# Pictures of our Dinner Time!



## BrownieM (Aug 30, 2010)

Many newbie raw feeders are concerned with *how you do it*. I was too! When I first started, I was worried about keeping my poodles' long ears and furry legs out of the raw meat. I snapped some photos tonight to show dinner time at my house. Both poodles now have snoods and they eat boneless meals on a towel in the kitchen. Bone-in meals are fed in the kennel because they take longer and my dogs tend to be a bit messier with it.


----------



## Northwoods10 (Nov 22, 2010)

Great pictures!! 

I never thought of that.....I'm sure its very easy for their ears to get in the way and get all gooed up!
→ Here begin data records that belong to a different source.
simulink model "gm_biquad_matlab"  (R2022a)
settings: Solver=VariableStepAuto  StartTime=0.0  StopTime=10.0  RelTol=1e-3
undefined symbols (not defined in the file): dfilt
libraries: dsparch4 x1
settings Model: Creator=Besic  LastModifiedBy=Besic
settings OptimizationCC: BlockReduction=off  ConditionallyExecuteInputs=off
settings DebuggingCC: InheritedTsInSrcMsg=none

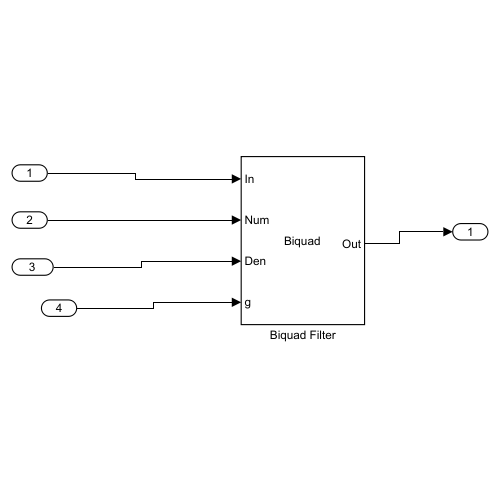
[thumbnail: Simulink's stored preview of the top-level diagram]
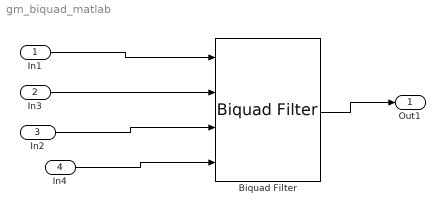
== system gm_biquad_matlab ==
  In1 : Inport  OutDataTypeStr=int16  PortDimensions=1  SampleTime=0.2
  In3 : Inport  Port=2  OutDataTypeStr=int16  PortDimensions=[3 1]  SampleTime=0.2
  In2 : Inport  Port=3  OutDataTypeStr=int16  PortDimensions=[2 1]  SampleTime=0.2
  In4 : Inport  Port=4  OutDataTypeStr=int16  PortDimensions=[1 2]  SampleTime=0.2
  Biquad Filter : dsparch4/Biquad Filter  FilterSource=Input port(s)  CoeffSource=Specify via dialog  FilterObject=dfilt.df2tsos([1 0.3 0.4],[1 0.1 0.2])  IIRFiltStruct=Direct form II transposed  BiQuadCoeffs="[0.035    0.035         0    1.0000   -0.9391         0]"  ScaleValues=1  IC=0  ICnum=0  ICden=0  a0Flag=Warning  optimizeScaleValues=on  ScaleValueMode=Specify via input port (g)  roundingMode=Floor  overflowMode=off  scaleValueFracLength=14  denProdOutputFracLength=30  denAccumFracLength=30  secondMemoryFracLength=15
  Out1 : Outport  OutDataTypeStr=int16  SampleTime=0.2
  wires:
  In1/1 -> Biquad Filter/1
  In3/1 -> Biquad Filter/2
  In2/1 -> Biquad Filter/3
  In4/1 -> Biquad Filter/4
  Biquad Filter/1 -> Out1/1

Looks like a simple fix and they tolerate it well!


----------



## xellil (Apr 4, 2011)

That is absolutely priceless - where there's a will, there's a way!!!


----------



## Herzo (Feb 5, 2011)

I need a snood for my Basset.Those are great pictures and beautiful dogs.I really like the silky snoods.


----------



## luvMyBRT (Mar 8, 2010)

I need a snood for Duncan's whole face! :laugh:
Those are great pics....and an excellent way to keep pretty Poodle ears clean. Now Poodle people can't use "getting messy" as an excuse! :happy:


----------



## RachelsaurusRexU (Sep 4, 2010)

LOL! They look like little old ladies! Too cute.


----------